18. Innanzitutto, secondo la Rivelazione, la dignità dell’essere umano proviene dall’amore del suo Creatore, che ha impresso in lui i tratti indelebili della sua immagine (cf. Gen 1, 26), chiamandolo a conoscerlo, ad amarlo ed a vivere in un rapporto di alleanza con sé e nella fraternità, nella giustizia e nella pace con tutti gli altri uomini e donne. In questa visione, la dignità si riferisce non solo all’anima, ma alla persona come unità inscindibile, e dunque inerisce anche al suo corpo, il quale partecipa a suo modo all’essere immagine di Dio della persona umana ed è chiamato anch’esso a condividere la gloria dell’anima nella beatitudine divina.

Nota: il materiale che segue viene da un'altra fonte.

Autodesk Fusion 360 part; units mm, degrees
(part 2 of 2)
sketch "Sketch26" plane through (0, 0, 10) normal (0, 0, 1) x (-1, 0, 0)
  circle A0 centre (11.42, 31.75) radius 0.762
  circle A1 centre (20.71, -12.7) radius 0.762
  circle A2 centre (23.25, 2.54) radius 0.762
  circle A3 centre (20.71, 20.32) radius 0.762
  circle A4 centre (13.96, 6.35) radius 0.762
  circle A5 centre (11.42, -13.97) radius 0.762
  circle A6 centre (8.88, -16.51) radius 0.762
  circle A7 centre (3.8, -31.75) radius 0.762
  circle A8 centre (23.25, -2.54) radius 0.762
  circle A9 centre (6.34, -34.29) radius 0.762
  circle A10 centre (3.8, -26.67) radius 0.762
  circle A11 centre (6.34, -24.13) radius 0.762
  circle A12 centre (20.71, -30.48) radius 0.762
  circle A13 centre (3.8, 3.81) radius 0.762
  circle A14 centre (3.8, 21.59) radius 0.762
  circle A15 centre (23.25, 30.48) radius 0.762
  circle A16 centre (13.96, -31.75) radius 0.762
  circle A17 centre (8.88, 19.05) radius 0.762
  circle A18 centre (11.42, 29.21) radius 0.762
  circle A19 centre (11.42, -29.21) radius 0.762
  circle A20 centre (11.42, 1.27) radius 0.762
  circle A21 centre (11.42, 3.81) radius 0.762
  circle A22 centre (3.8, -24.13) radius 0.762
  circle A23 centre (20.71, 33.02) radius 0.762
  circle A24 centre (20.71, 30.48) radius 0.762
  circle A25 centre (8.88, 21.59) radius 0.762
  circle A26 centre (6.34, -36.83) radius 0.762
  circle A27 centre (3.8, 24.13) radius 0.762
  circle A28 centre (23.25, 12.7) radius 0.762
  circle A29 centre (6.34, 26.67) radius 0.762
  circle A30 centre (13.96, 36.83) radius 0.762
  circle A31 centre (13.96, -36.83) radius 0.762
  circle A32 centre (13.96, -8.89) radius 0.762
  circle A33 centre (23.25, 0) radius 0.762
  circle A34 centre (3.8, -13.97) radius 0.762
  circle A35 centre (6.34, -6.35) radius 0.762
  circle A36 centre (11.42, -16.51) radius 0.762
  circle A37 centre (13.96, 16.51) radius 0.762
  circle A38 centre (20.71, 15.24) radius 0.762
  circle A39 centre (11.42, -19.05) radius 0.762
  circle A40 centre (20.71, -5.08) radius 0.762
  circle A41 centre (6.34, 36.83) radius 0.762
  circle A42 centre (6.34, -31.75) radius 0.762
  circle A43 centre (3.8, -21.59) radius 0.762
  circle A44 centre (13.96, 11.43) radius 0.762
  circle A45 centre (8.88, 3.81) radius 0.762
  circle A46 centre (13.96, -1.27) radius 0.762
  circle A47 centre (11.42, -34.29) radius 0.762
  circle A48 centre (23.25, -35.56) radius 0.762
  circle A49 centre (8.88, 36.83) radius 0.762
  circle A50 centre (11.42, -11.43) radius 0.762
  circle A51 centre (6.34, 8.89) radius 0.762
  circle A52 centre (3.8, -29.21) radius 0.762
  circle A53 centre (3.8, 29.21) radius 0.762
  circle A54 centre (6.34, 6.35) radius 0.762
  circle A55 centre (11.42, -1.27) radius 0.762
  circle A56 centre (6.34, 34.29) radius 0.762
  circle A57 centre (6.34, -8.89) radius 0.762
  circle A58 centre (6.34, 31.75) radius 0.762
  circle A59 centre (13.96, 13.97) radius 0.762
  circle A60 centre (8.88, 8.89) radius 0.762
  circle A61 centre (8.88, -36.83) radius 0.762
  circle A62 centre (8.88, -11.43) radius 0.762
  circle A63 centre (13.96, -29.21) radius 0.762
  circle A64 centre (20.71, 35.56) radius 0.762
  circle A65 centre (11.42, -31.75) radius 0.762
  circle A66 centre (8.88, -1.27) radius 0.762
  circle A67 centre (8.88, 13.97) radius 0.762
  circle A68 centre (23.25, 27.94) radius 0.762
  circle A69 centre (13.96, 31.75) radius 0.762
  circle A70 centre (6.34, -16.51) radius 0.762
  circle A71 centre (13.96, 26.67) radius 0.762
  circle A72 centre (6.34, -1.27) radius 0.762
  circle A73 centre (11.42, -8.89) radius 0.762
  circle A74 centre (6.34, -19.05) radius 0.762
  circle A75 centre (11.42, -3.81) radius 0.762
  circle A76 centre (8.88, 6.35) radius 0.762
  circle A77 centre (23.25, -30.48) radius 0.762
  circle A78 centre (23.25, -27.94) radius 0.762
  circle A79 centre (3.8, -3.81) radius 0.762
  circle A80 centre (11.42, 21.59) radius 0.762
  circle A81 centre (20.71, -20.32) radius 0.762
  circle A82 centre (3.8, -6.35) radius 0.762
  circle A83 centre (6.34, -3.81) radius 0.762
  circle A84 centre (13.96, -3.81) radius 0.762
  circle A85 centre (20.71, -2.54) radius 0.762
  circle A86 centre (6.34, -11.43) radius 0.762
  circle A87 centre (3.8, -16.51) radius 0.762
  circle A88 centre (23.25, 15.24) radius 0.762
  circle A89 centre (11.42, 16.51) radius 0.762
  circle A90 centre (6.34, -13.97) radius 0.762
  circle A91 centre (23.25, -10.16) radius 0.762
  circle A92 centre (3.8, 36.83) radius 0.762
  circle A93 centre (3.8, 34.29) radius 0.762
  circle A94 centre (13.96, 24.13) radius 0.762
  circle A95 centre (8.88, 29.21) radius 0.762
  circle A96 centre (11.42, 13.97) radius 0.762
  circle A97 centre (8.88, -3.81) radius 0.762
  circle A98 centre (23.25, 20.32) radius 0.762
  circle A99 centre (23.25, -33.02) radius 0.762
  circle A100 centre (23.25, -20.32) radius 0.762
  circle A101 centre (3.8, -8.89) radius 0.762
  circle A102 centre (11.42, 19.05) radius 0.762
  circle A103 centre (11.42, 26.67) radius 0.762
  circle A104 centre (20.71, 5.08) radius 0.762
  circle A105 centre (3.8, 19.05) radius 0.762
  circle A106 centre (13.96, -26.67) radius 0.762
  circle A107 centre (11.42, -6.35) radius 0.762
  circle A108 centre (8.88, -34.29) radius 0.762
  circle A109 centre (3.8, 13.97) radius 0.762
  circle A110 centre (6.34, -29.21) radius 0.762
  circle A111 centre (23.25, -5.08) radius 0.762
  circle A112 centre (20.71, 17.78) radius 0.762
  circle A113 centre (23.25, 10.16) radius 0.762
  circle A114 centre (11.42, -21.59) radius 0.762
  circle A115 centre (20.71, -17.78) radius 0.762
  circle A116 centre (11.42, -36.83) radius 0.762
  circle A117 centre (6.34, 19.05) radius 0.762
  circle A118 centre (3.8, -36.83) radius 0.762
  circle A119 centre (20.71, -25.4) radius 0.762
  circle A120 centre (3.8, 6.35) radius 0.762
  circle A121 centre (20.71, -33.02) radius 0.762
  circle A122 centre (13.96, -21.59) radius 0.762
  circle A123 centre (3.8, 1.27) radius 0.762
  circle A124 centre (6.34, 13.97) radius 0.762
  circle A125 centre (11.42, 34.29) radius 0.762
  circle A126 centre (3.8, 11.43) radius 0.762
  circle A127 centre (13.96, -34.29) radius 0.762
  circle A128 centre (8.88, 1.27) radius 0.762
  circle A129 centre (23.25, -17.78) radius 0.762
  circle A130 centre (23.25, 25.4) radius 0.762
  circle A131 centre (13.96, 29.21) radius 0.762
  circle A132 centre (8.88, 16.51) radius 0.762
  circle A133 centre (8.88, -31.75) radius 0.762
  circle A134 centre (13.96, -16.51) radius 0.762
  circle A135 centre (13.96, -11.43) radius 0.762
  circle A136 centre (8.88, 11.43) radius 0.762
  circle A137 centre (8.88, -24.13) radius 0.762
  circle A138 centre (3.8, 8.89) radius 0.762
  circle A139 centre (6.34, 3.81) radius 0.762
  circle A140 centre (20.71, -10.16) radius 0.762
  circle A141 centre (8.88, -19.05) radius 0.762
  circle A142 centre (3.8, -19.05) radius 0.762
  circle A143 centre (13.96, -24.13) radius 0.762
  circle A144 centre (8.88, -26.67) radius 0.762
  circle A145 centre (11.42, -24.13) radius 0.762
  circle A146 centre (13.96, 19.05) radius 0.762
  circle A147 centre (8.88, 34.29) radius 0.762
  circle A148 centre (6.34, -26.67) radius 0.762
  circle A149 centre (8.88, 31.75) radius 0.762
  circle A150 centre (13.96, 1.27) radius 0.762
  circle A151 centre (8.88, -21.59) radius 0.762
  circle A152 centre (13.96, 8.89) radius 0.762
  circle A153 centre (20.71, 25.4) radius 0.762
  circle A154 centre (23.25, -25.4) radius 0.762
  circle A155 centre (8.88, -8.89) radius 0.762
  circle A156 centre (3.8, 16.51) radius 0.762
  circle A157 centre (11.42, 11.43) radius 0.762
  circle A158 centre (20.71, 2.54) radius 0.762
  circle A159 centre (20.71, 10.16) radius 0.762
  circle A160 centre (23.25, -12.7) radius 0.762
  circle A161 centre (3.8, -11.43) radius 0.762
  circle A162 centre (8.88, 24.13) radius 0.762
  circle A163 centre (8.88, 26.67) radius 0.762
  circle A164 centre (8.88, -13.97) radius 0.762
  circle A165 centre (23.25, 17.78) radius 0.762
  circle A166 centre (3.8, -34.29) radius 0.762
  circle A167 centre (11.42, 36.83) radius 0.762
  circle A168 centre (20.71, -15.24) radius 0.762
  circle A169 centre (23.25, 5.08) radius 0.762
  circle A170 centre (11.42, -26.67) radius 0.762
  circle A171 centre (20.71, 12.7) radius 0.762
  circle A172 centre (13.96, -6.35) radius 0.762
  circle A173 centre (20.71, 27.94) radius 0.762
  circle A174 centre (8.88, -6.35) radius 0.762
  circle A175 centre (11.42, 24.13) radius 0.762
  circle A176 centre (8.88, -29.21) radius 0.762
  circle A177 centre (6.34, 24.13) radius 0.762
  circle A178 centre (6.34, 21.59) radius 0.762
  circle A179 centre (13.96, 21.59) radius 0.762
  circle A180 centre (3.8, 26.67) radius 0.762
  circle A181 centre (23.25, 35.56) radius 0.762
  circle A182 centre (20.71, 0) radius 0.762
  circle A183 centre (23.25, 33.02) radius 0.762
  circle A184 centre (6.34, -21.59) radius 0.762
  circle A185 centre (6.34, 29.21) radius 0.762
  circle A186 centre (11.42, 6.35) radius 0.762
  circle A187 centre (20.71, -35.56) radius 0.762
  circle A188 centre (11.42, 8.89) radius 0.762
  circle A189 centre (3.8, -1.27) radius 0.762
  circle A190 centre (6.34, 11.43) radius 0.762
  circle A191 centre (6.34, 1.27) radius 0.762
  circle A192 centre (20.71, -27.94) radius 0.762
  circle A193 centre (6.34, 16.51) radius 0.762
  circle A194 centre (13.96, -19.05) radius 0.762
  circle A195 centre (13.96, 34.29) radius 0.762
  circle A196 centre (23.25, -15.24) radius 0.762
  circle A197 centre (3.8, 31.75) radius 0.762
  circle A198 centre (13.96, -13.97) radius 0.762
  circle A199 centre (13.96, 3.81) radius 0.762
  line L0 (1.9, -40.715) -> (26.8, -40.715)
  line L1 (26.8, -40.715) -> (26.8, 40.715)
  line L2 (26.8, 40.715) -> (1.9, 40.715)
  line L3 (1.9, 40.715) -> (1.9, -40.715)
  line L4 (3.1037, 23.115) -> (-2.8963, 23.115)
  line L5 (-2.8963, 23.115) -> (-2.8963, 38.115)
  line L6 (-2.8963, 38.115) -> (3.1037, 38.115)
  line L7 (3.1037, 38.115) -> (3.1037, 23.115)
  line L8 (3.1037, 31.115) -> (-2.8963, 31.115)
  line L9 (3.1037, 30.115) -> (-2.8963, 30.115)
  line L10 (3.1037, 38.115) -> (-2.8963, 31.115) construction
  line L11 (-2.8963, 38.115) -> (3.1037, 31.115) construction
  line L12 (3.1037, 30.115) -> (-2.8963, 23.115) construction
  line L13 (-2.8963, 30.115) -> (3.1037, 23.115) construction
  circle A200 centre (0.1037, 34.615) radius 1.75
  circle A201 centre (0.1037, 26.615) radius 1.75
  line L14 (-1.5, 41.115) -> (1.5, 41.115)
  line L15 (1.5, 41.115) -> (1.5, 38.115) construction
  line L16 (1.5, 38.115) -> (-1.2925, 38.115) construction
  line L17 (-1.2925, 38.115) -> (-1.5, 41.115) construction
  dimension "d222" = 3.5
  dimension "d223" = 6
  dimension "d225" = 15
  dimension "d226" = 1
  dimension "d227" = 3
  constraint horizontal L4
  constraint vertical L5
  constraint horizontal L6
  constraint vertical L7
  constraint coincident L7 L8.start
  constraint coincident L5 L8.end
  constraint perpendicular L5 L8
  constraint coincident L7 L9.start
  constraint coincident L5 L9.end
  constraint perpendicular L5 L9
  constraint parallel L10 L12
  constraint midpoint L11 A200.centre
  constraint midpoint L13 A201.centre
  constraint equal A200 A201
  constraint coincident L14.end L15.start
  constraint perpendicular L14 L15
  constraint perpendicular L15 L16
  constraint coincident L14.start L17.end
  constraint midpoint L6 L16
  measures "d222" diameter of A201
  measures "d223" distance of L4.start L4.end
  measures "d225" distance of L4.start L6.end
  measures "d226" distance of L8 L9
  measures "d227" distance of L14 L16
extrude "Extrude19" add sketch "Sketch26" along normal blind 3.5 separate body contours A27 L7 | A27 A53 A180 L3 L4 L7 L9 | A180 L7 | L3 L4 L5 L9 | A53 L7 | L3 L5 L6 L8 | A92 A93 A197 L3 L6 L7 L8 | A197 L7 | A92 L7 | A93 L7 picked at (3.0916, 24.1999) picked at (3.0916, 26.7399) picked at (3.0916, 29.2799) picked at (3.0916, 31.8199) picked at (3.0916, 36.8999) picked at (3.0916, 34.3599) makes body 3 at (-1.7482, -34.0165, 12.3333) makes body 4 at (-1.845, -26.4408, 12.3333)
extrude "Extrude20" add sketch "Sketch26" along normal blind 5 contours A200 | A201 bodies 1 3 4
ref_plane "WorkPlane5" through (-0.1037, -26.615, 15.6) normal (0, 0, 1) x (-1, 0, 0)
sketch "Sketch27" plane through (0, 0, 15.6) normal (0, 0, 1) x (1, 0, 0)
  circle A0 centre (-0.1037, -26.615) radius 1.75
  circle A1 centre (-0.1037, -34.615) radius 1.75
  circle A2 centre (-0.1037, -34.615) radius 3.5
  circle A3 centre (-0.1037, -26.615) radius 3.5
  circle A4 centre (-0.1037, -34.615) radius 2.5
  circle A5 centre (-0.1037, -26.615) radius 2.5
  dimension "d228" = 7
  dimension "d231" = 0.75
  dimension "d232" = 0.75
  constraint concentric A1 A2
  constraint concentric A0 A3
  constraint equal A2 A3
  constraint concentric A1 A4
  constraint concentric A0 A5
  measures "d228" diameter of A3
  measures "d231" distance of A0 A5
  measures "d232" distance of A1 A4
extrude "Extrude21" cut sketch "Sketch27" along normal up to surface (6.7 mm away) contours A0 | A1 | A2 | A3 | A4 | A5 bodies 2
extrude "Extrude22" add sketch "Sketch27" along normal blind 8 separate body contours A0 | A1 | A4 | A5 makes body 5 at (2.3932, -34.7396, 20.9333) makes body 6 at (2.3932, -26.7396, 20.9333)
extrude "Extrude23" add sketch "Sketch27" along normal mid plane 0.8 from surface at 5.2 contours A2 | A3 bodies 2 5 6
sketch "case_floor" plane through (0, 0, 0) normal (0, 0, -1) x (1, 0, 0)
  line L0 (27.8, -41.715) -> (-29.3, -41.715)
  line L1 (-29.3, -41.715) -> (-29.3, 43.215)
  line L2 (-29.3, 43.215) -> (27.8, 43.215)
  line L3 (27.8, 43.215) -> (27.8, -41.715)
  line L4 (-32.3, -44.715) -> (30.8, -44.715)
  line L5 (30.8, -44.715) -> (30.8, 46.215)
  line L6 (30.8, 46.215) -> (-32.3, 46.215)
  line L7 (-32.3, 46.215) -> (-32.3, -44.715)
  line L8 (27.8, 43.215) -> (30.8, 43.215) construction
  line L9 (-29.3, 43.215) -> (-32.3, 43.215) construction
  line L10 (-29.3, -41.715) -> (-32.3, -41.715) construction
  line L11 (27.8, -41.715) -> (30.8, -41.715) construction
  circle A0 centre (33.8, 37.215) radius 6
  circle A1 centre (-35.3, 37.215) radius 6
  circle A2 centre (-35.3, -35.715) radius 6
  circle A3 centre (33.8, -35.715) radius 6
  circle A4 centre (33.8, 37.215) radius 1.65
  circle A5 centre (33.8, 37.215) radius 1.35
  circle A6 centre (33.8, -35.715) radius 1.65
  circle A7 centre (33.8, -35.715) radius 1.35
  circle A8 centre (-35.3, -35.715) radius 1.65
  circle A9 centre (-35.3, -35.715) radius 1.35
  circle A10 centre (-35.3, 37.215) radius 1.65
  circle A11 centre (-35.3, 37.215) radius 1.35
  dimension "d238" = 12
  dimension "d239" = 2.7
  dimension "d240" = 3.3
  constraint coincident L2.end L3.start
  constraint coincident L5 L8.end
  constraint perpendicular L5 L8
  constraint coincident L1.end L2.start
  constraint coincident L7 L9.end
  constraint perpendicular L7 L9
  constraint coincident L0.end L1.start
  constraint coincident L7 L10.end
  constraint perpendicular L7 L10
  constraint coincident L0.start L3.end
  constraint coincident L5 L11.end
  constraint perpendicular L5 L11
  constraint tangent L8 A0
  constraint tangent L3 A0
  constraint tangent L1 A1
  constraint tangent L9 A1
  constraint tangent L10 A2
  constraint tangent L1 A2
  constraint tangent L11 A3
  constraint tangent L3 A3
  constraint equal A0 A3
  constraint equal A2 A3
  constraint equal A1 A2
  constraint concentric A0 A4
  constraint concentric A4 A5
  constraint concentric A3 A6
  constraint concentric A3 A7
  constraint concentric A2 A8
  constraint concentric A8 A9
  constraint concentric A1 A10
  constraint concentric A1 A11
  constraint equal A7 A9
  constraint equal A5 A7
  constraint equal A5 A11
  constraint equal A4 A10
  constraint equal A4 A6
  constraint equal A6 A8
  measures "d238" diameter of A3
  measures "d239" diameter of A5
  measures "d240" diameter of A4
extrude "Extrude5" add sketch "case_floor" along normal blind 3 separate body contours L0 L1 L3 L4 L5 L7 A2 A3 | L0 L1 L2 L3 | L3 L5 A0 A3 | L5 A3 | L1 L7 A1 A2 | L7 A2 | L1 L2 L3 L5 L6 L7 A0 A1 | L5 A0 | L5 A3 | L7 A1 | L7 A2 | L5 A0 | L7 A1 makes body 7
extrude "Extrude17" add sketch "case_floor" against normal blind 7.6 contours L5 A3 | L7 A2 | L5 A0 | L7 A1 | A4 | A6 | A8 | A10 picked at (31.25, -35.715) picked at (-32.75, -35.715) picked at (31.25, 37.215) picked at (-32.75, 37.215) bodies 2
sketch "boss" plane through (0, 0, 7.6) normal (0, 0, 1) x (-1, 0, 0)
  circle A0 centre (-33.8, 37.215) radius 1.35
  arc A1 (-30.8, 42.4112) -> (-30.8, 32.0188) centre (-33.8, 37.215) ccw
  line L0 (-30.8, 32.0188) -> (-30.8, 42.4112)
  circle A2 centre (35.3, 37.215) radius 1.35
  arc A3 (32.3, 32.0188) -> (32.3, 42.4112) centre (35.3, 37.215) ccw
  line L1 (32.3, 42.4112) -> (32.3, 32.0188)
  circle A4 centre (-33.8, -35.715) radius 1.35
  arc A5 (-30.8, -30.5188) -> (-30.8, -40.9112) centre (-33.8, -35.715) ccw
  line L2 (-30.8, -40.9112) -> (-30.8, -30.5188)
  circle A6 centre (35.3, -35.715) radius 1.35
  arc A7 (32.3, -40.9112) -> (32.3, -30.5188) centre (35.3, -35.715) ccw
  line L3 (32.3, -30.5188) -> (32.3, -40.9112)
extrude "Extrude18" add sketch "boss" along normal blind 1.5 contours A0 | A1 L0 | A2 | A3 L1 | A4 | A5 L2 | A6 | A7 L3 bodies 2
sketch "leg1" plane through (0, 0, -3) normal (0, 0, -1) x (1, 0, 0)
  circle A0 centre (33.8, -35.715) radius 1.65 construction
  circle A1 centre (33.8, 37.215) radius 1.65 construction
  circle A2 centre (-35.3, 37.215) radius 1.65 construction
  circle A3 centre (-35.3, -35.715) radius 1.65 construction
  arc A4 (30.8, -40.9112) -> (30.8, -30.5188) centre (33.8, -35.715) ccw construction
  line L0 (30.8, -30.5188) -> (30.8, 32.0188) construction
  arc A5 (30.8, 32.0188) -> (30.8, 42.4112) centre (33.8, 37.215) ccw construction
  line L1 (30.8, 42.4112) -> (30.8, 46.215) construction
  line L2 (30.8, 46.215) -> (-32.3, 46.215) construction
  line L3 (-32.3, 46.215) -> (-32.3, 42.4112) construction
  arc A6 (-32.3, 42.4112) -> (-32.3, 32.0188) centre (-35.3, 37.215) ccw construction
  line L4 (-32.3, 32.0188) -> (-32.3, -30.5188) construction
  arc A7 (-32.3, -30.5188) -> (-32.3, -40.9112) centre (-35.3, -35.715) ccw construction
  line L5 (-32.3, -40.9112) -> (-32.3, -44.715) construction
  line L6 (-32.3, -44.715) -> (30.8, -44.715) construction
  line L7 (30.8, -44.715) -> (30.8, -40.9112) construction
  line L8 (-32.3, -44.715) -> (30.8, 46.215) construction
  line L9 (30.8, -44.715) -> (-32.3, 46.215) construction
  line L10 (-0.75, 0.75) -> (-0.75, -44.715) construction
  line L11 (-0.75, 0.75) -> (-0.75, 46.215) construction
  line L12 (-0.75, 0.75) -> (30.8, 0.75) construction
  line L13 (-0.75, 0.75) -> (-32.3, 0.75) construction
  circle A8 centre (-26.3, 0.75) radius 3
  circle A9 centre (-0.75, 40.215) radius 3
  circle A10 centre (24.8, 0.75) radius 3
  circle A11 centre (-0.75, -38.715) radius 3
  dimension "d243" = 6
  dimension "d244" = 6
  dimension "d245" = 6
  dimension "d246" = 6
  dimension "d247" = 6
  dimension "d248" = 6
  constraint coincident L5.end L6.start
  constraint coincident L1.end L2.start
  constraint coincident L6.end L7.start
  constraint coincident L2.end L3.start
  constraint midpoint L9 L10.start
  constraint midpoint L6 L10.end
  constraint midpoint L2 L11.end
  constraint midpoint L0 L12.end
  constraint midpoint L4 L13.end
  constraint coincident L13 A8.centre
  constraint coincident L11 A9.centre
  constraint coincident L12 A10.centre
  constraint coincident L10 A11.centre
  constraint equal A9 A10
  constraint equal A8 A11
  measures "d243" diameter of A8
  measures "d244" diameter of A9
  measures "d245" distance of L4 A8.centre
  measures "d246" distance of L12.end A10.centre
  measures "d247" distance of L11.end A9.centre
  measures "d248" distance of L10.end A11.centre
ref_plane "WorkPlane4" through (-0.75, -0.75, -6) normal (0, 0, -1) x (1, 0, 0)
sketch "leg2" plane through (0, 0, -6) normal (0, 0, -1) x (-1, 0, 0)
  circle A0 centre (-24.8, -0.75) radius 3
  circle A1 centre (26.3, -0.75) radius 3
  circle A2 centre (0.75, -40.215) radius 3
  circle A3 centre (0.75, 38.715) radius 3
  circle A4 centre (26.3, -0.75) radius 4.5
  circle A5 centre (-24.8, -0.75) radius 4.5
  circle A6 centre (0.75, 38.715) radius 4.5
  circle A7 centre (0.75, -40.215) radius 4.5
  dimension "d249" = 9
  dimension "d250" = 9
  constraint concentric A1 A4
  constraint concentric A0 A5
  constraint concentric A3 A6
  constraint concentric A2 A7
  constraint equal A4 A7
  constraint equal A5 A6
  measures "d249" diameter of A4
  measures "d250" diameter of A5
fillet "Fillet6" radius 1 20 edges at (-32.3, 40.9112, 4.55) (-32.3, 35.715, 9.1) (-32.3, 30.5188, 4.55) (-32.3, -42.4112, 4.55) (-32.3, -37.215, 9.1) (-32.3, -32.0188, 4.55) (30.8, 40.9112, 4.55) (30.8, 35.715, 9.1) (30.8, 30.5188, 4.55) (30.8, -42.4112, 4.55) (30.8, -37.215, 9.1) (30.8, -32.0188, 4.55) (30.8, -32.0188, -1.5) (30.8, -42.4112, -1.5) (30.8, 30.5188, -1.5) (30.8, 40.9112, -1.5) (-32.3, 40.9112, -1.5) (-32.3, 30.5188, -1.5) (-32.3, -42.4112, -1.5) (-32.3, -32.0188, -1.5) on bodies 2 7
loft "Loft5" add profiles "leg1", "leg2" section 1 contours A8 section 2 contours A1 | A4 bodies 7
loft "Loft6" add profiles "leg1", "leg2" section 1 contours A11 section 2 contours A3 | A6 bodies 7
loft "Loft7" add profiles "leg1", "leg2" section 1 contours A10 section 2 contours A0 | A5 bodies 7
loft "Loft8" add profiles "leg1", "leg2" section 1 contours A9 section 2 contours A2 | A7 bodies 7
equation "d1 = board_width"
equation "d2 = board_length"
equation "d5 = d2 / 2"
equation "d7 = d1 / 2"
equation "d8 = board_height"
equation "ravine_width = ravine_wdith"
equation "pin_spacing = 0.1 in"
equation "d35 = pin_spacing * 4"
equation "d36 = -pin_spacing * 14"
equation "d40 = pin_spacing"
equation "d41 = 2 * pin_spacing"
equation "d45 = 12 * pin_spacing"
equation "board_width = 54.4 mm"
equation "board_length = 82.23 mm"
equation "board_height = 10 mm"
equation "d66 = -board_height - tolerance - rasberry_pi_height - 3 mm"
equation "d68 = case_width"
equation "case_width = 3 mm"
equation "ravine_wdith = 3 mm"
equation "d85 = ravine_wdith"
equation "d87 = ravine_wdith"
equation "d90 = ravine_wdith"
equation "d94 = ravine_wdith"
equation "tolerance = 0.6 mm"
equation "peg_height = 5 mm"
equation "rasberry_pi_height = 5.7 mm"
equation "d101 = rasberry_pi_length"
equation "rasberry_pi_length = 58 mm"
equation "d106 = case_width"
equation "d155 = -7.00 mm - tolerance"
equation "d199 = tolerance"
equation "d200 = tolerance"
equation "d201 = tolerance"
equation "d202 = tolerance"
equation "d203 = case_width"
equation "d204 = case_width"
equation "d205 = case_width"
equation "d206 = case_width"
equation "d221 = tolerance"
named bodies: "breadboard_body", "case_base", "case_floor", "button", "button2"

Cristo eleva la dignità dell’uomo
19. Una seconda convinzione procede dal fatto che la dignità della persona umana è stata rivelata in pienezza quando il Padre ha inviato il suo Figlio che ha assunto fino in fondo l’esistenza umana: «il Figlio di Dio, nel mistero dell’incarnazione ha confermato la dignità del corpo e dell’anima costitutivi dell’essere umano».[30] Così, unendosi in certo modo ad ogni essere umano attraverso la sua incarnazione, Gesù Cristo ha confermato che ogni essere umano possiede una dignità inestimabile, per il solo fatto di appartenere alla stessa comunità umana e che questa dignità non può mai essere perduta.[31] Proclamando che il Regno di Dio appartiene ai poveri, agli umili, a coloro che sono disprezzati, a coloro che soffrono nel corpo e nello spirito; guarendo ogni sorta di malattie e di infermità, anche le più drammatiche come la lebbra; affermando che ciò che viene fatto a queste persone viene fatto a lui, perché egli è presente in quelle persone, Gesù ha portato la grande novità del riconoscimento della dignità di ogni persona, ed anche e soprattutto di quelle persone che erano qualificate come “indegne”. Questo principio nuovo nella storia umana, per cui l’essere umano è tanto più “degno” di rispetto e di amore quanto più è debole, misero e sofferente, fino a perdere la stessa “figura” umana, ha cambiato il volto del mondo, dando vita a istituzioni che si prendono cura delle persone che si trovano in condizioni disagiate: i neonati abbandonati, gli orfani, gli anziani lasciati soli, i malati mentali, le persone affette da malattie incurabili o con gravi malformazioni, coloro che vivono per strada.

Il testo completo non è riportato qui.